··· Material provided ···

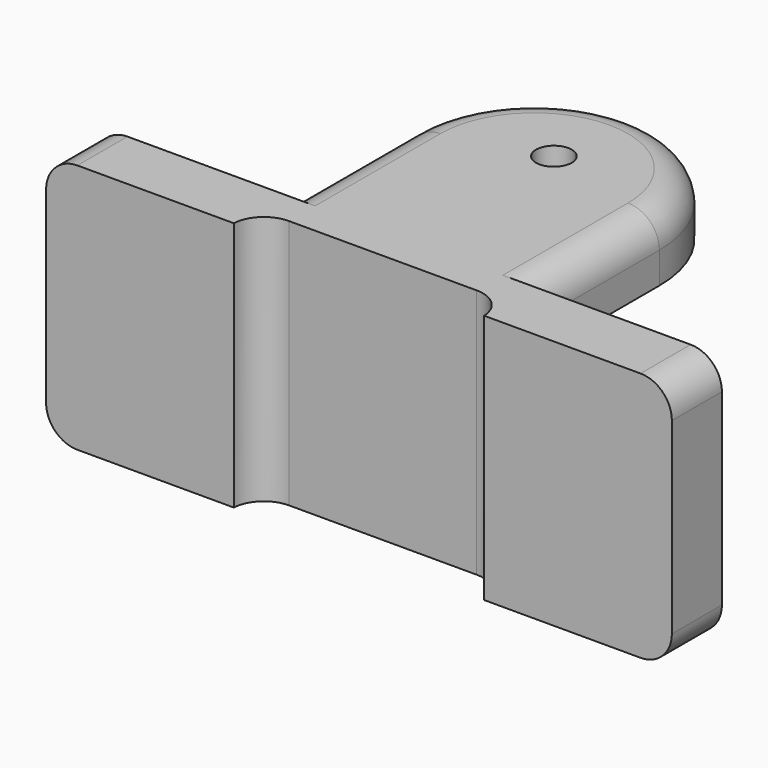
from build123d import *

# Parameters (mm, degrees)
F0_W          = 100
F0_H          = 40
F1_DEPTH      = 10
F3_DEPTH      = 10
F4_W          = 40
F4_H          = 3
F5_DEPTH      = 174
F6_W          = 40
F6_H          = 4.7629310191
F7_DEPTH      = 40.001
F8_R          = 2.85
F9_DEPTH      = 40.001
F10_T1_DEPTH  = 40
F10_T3_DEPTH  = 40
F10_T5_DEPTH  = 35
F10_T7_DEPTH  = 35
F10_T9_DEPTH  = 35
F10_T11_DEPTH = 35
F10_T13_DEPTH = 25
F10_T16_ANGLE = 180


# Not quite as in the source:
# - a fillet or chamfer that OpenCascade refuses, or shapes differently, is made with other operations: its cross-section is extruded or revolved along the edge and cut away or added
# - two fillets or chamfers of one size are made in one step
# - an extrude ends at something that could not be found from the text; its depth is read off the source's solid


with BuildPart() as f1:
    # F0 (on Front) → F1 (new body)
    with BuildSketch(Plane.XZ):
        with Locations((-50, 20)):
            Rectangle(F0_W, F0_H)
    extrude(amount=F1_DEPTH)

    # F2 (on face) → F3 (join)
    with BuildSketch(Plane.XY.offset(40)):
        with BuildLine():
            Line((-70, 25), (-70, 0))
            Line((-70, 0), (-70, -10))
            Line((-70, -10), (-30, -10))
            Line((-30, -10), (-30, 0))
            Line((-30, 0), (-30, 25))
            ThreePointArc((-30, 25), (-50, 45), (-70, 25))
        make_face()
        with BuildLine():
            Line((-70, 25), (-70, 0))
            Line((-70, 0), (-30, 0))
            Line((-30, 0), (-30, 25))
            ThreePointArc((-30, 25), (-50, 45), (-70, 25))
        make_face()
    extrude(amount=-F3_DEPTH)

    # F4 (on face) → F5 (cut, through all)
    with BuildSketch(Plane.XY.offset(40)):
        with Locations((-50, -8.5)):
            Rectangle(F4_W, F4_H)
    extrude(amount=F5_DEPTH, mode=Mode.SUBTRACT)

    # F6 (on face) → F7 (cut, through all)
    with BuildSketch(Plane.XY.offset(40)):
        with Locations((-50, -7.6185344905)):
            Rectangle(F6_W, F6_H)
    extrude(amount=-F7_DEPTH, mode=Mode.SUBTRACT)

    # F8 (on face) → F9 (cut, through all)
    with BuildSketch(Plane.XY.offset(40)):
        with Locations((-50.1293092966, 29.0948301554)):
            Circle(F8_R)
    extrude(amount=-F9_DEPTH, mode=Mode.SUBTRACT)

    # F10: fillet of radius 5 on 9 edges, made by hand

    # F10_s2 → F10_t1 (join)
    with BuildSketch(Plane.XY):
        with BuildLine():
            ThreePointArc((-30, -10), (-31.543677094, -6.6186891705), (-34.9943766676, -5.2370689809))
            Line((-34.9943766676, -5.2370689809), (-30, -5.2370689809))
            Line((-30, -5.2370689809), (-30, -10))
        make_face()
    extrude(amount=F10_T1_DEPTH)

    # F10_s4 → F10_t3 (join)
    with BuildSketch(Plane.XY):
        with BuildLine():
            ThreePointArc((-65.0056233324, -5.2370689809), (-68.456322906, -6.6186891705), (-70, -10))
            Line((-70, -10), (-70, -5.2370689809))
            Line((-70, -5.2370689809), (-65.0056233324, -5.2370689809))
        make_face()
    extrude(amount=F10_T3_DEPTH)

    # F10_s6 → F10_t5 (cut)
    with BuildSketch(Plane.XZ.offset(-12.5)):
        with BuildLine():
            ThreePointArc((-5, 0), (-1.4644660941, 1.4644660941), (0, 5))
            Line((0, 5), (0, 0))
            Line((0, 0), (-5, 0))
        make_face()
    extrude(amount=F10_T5_DEPTH, mode=Mode.SUBTRACT)

    # F10_s8 → F10_t7 (cut)
    with BuildSketch(Plane.XZ.offset(-12.5)):
        with BuildLine():
            ThreePointArc((-95, 0), (-98.5355339059, 1.4644660941), (-100, 5))
            Line((-100, 5), (-100, 0))
            Line((-100, 0), (-95, 0))
        make_face()
    extrude(amount=F10_T7_DEPTH, mode=Mode.SUBTRACT)

    # F10_s10 → F10_t9 (cut)
    with BuildSketch(Plane.XZ.offset(-12.5)):
        with BuildLine():
            ThreePointArc((-5, 40), (-1.4644660941, 38.5355339059), (0, 35))
            Line((0, 35), (0, 40))
            Line((0, 40), (-5, 40))
        make_face()
    extrude(amount=F10_T9_DEPTH, mode=Mode.SUBTRACT)

    # F10_s12 → F10_t11 (cut)
    with BuildSketch(Plane.XZ.offset(-12.5)):
        with BuildLine():
            ThreePointArc((-95, 40), (-98.5355339059, 38.5355339059), (-100, 35))
            Line((-100, 35), (-100, 40))
            Line((-100, 40), (-95, 40))
        make_face()
    extrude(amount=F10_T11_DEPTH, mode=Mode.SUBTRACT)

    # F10_s14 → F10_t13 (cut)
    with BuildSketch(Plane.XZ.offset(-25)):
        with BuildLine():
            ThreePointArc((-70, 35), (-68.5355339059, 38.5355339059), (-65, 40))
            Line((-65, 40), (-70, 40))
            Line((-70, 40), (-70, 35))
        make_face()
        with BuildLine():
            ThreePointArc((-30, 35), (-31.4644660941, 38.5355339059), (-35, 40))
            Line((-35, 40), (-30, 40))
            Line((-30, 40), (-30, 35))
        make_face()
    extrude(amount=F10_T13_DEPTH, mode=Mode.SUBTRACT)

    # F10_s15 → F10_t16 (revolve, cut)
    with BuildSketch(Plane.XZ.offset(-25)):
        with BuildLine():
            ThreePointArc((-35, 40), (-31.4644660941, 38.5355339059), (-30, 35))
            Line((-30, 35), (-30, 40))
            Line((-30, 40), (-35, 40))
        make_face()
    revolve(axis=Axis((-50, 25, 40), (0, 0, 1)), revolution_arc=F10_T16_ANGLE, mode=Mode.SUBTRACT)


solid = f1.part

···

• **Task statement**
From the records above, how many lines include the word "that"? Only the number is wanted.

• **Output of the exercise**
2